Isolation and comparison of neural stem cells from the adult rat brain and spinal cord canonical neurogenic niches

STAR Protocols, 2022 · DOI: 10.1016/j.xpro.2022.101426 · Published: June 17, 2022

Regenerative Medicine Neurology Research Methodology & Design

Simple Explanation

This protocol outlines the process of extracting, culturing, and characterizing neural stem cells (NSCs) from the adult rat brain and spinal cord. It focuses on three specific areas known as neurogenic niches. The method involves carefully dissecting and breaking down tissue, followed by cell culture techniques and EdU labeling to identify and study NSCs. This protocol is designed to yield a large number of viable cells, allowing for the creation of substantial cell banks, which can reduce costs, labor, and the number of animals needed for research.

Study Duration

Not specified

Participants

10-week-old female Sprague Dawley rats

Evidence Level

Not specified

Key Findings

1
The protocol provides a unified method for extracting NSCs from three neurogenic niches: the subventricular zone (SVZ), subgranular zone (SGZ), and central canal (CC).
2
The surface topography of the culture vessel significantly impacts NSC survival and proliferation, with SVZ-derived NSCs requiring completely smooth surfaces and SGZ-derived NSCs thriving on rougher surfaces.
3
CHIR 99021, a chemical compound, is crucial for the survival of SGZ-derived NSCs and prevents spontaneous differentiation in SVZ-derived NSCs, but it induces differentiation in CC-derived NSCs.

Research Summary

The protocol details a method for isolating and comparing neural stem cells (NSCs) from the adult rat brain and spinal cord canonical neurogenic niches. It involves tissue dissection, dissociation, cell culture, EdU labeling, and NSC characterization. The protocol aims to provide a cost- and labor-efficient method that reduces the number of animals used while yielding a high number of viable cells for long-term cell banks.

Practical Implications

CNS Injury and Disease Modeling

The protocol enables researchers to extract, maintain, and differentiate NSCs, which can be used in studies of neuroplasticity and regeneration, including CNS injury and disease modeling.
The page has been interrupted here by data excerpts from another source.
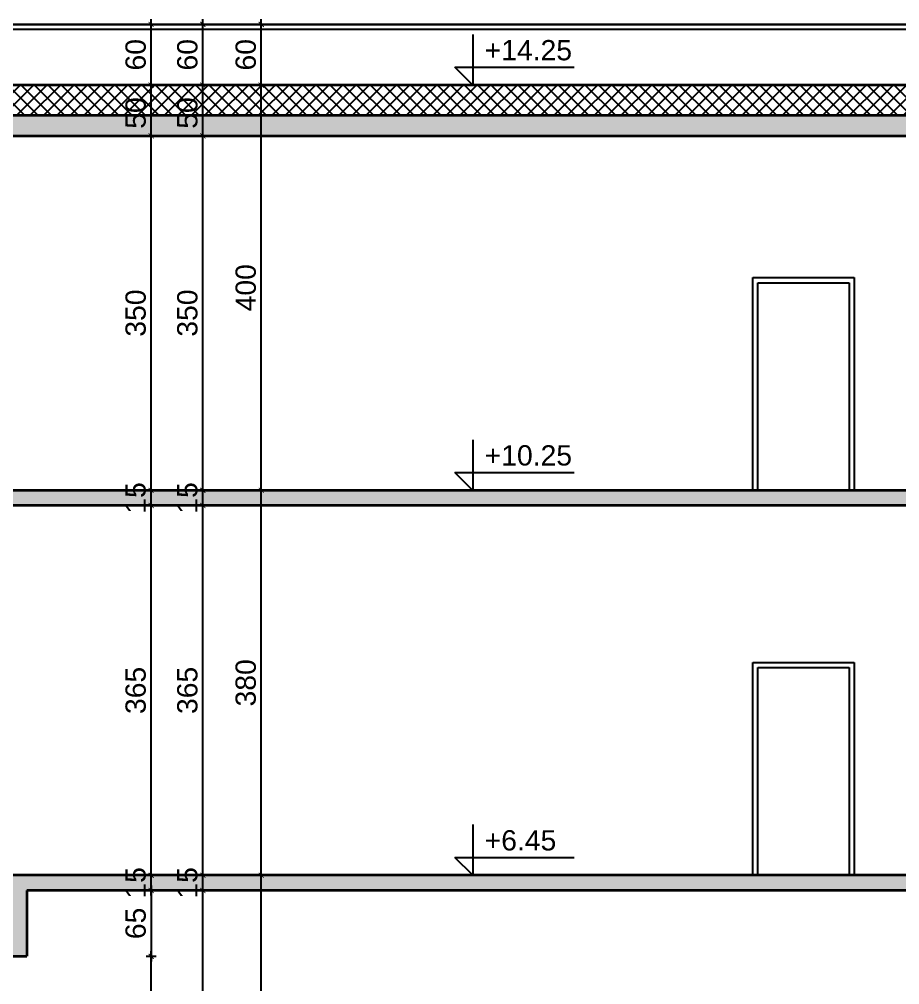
# Model space of a CAD drawing. Header units: inches. Extents: x -72385 to 39588, y -6525 to 66685.
# Drawn here: x 28444 to 29313, y 24163 to 25116 of the extents above; entities that cross this region are included whole.
import ezdxf

# ---------------------------------------------------------------- set-up
doc = ezdxf.new("R2010")
doc.units = ezdxf.units.IN
doc.header["$MEASUREMENT"] = 0
for name, color, linetype, lineweight in [('Надписи коти вътрешни', 252, 'Continuous', 25), ('Надписи нива', 252, 'Continuous', 25), ('Фасади Разрези дебело', 7, 'Continuous', 35), ('Фасади Разрези средно', 252, 'Continuous', 30), ('Фасади Разрези тънко', 253, 'Continuous', 25), ('Щрих стени', 254, 'Continuous', 25)]:
    doc.layers.add(name, color=color, linetype=linetype, lineweight=lineweight)
doc.styles.add('Arial Regular', font='arial.ttf')
doc.styles.get("Standard").update_dxf_attribs({"font": 'arial.ttf'})
doc.dimstyles.new('Annotative', dxfattribs={"dimscale": 0, "dimtxt": 20, "dimasz": 5, "dimexe": 5, "dimexo": 5, "dimgap": 5, "dimtad": 1, "dimdec": 0, "dimzin": 0, "dimdsep": 46, "dimtxsty": 'Standard', "dimblk": 'ARCHTICK', "dimcen": 5, "dimdle": 5, "dimadec": 0, "dimazin": 0, "dimtfac": 1, "dimtdec": 0, "dimtofl": 0, "dimtmove": 0, "dimatfit": 3, "dimldrblk": 'ARCHTICK', "dimfxl": 5, "dimfxlon": 1, "dimtolj": 1, "dimtzin": 0, "dimarcsym": 1})

# ---------------------------------------------------------------- blocks, each defined once
blk = doc.blocks.new('_ArchTick')
at = {"color": 0, "linetype": 'ByBlock', "const_width": 0.15}
blk.add_lwpolyline([(-0.5, -0.5), (0.5, 0.5)], dxfattribs=at)
blk = doc.blocks.new('*D5192')
at = {"layer": 'Defpoints', "color": 0, "ltscale": 10, "transparency": 16777216}
for p in [(28451.81, 24190.92), (28574.43, 24190.92), (28514.9, 23890.92)]:
    blk.add_point(p, dxfattribs=at)
at = {"layer": 'Надписи коти вътрешни', "color": 0, "lineweight": -2, "ltscale": 10, "transparency": 16777216}
for p, q in [((28569.43, 24190.92), (28579.43, 24190.92)), ((28574.43, 23885.92), (28574.43, 24195.92)), ((28569.43, 23890.92), (28579.43, 23890.92))]:
    blk.add_line(p, q, dxfattribs=at)
at = {"layer": 'Надписи коти вътрешни', "color": 0, "lineweight": -2, "ltscale": 10, "transparency": 16777216, "xscale": 5, "yscale": 5, "zscale": 5}
for p, rotation in [((28574.43, 24190.92), 90), ((28574.43, 23890.92), 270)]:
    blk.add_blockref('_ArchTick', p, dxfattribs=dict(at, rotation=rotation))
at = {"layer": 'Надписи коти вътрешни', "color": 0, "ltscale": 10, "transparency": 16777216, "insert": (28559.22, 24040.92), "char_height": 20, "attachment_point": 5, "rotation": 90}
blk.add_mtext('\\A1;300', dxfattribs=at)
blk = doc.blocks.new('*D5191')
at = {"layer": 'Defpoints', "color": 0, "ltscale": 10, "transparency": 16777216}
for p in [(28451.81, 24255.92), (28451.81, 24190.92), (28574.43, 24190.92)]:
    blk.add_point(p, dxfattribs=at)
at = {"layer": 'Надписи коти вътрешни', "color": 0, "lineweight": -2, "ltscale": 10, "transparency": 16777216}
for p, q in [((28569.43, 24255.92), (28579.43, 24255.92)), ((28574.43, 24260.92), (28574.43, 24185.92)), ((28569.43, 24190.92), (28579.43, 24190.92))]:
    blk.add_line(p, q, dxfattribs=at)
at = {"layer": 'Надписи коти вътрешни', "color": 0, "lineweight": -2, "ltscale": 10, "transparency": 16777216, "xscale": 5, "yscale": 5, "zscale": 5}
for p, rotation in [((28574.43, 24255.92), 90), ((28574.43, 24190.92), 270)]:
    blk.add_blockref('_ArchTick', p, dxfattribs=dict(at, rotation=rotation))
at = {"layer": 'Надписи коти вътрешни', "color": 0, "ltscale": 10, "transparency": 16777216, "insert": (28559.22, 24223.42), "char_height": 20, "attachment_point": 5, "rotation": 90}
blk.add_mtext('\\A1;65', dxfattribs=at)
blk = doc.blocks.new('*D5190')
at = {"layer": 'Defpoints', "color": 0, "ltscale": 10, "transparency": 16777216}
for p in [(28574.43, 24270.92), (28605.08, 24270.92), (28605.08, 24255.92)]:
    blk.add_point(p, dxfattribs=at)
at = {"layer": 'Надписи коти вътрешни', "color": 0, "lineweight": -2, "ltscale": 10, "transparency": 16777216}
for p, q in [((28574.43, 24250.92), (28574.43, 24275.92)), ((28579.43, 24270.92), (28569.43, 24270.92)), ((28579.43, 24255.92), (28569.43, 24255.92))]:
    blk.add_line(p, q, dxfattribs=at)
at = {"layer": 'Надписи коти вътрешни', "color": 0, "lineweight": -2, "ltscale": 10, "transparency": 16777216, "xscale": 5, "yscale": 5, "zscale": 5}
for p, rotation in [((28574.43, 24270.92), 90), ((28574.43, 24255.92), 270)]:
    blk.add_blockref('_ArchTick', p, dxfattribs=dict(at, rotation=rotation))
at = {"layer": 'Надписи коти вътрешни', "color": 0, "ltscale": 10, "transparency": 16777216, "insert": (28559.22, 24263.42), "char_height": 20, "attachment_point": 5, "rotation": 90}
blk.add_mtext('\\A1;15', dxfattribs=at)
blk = doc.blocks.new('*D5189')
at = {"layer": 'Defpoints', "color": 0, "ltscale": 10, "transparency": 16777216}
for p in [(28625.47, 24255.92), (28703.69, 24255.92), (28703.69, 23890.92)]:
    blk.add_point(p, dxfattribs=at)
at = {"layer": 'Надписи коти вътрешни', "color": 0, "lineweight": -2, "ltscale": 10, "transparency": 16777216}
for p, q in [((28630.47, 24255.92), (28620.47, 24255.92)), ((28625.47, 23885.92), (28625.47, 24260.92)), ((28630.47, 23890.92), (28620.47, 23890.92))]:
    blk.add_line(p, q, dxfattribs=at)
at = {"layer": 'Надписи коти вътрешни', "color": 0, "lineweight": -2, "ltscale": 10, "transparency": 16777216, "xscale": 5, "yscale": 5, "zscale": 5}
for p, rotation in [((28625.47, 24255.92), 90), ((28625.47, 23890.92), 270)]:
    blk.add_blockref('_ArchTick', p, dxfattribs=dict(at, rotation=rotation))
at = {"layer": 'Надписи коти вътрешни', "color": 0, "ltscale": 10, "transparency": 16777216, "insert": (28610.26, 24073.42), "char_height": 20, "attachment_point": 5, "rotation": 90}
blk.add_mtext('\\A1;365', dxfattribs=at)
blk = doc.blocks.new('*D5188')
at = {"layer": 'Defpoints', "color": 0, "ltscale": 10, "transparency": 16777216}
for p in [(28683.11, 24270.92), (28802.16, 24270.92), (28802.16, 23890.92)]:
    blk.add_point(p, dxfattribs=at)
at = {"layer": 'Надписи коти вътрешни', "color": 0, "lineweight": -2, "ltscale": 10, "transparency": 16777216}
for p, q in [((28683.11, 23885.92), (28683.11, 24275.92)), ((28688.11, 24270.92), (28678.11, 24270.92)), ((28688.11, 23890.92), (28678.11, 23890.92))]:
    blk.add_line(p, q, dxfattribs=at)
at = {"layer": 'Надписи коти вътрешни', "color": 0, "lineweight": -2, "ltscale": 10, "transparency": 16777216, "xscale": 5, "yscale": 5, "zscale": 5}
for p, rotation in [((28683.11, 24270.92), 90), ((28683.11, 23890.92), 270)]:
    blk.add_blockref('_ArchTick', p, dxfattribs=dict(at, rotation=rotation))
at = {"layer": 'Надписи коти вътрешни', "color": 0, "ltscale": 10, "transparency": 16777216, "insert": (28667.89, 24080.92), "char_height": 20, "attachment_point": 5, "rotation": 90}
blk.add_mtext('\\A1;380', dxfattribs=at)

Optimized Culture Conditions

Understanding the specific surface requirements for different NSCs (smooth for SVZ, rough for SGZ) can lead to more effective in vitro studies.

Targeted Differentiation Strategies

The differential effects of CHIR 99021 on NSCs from different niches provide insights for targeted differentiation strategies.

Study Limitations

1
The protocol is optimized for 10-week-old female Sprague Dawley rats, and results may vary with different strains and ages.
2
NSCs are highly sensitive to the culture vessel's material and surface treatment, requiring specific vessels for optimal results.
3
NSC characterization lacks universally recognized markers, requiring a combination of proliferation, marker expression, and neural lineage multipotency assessments.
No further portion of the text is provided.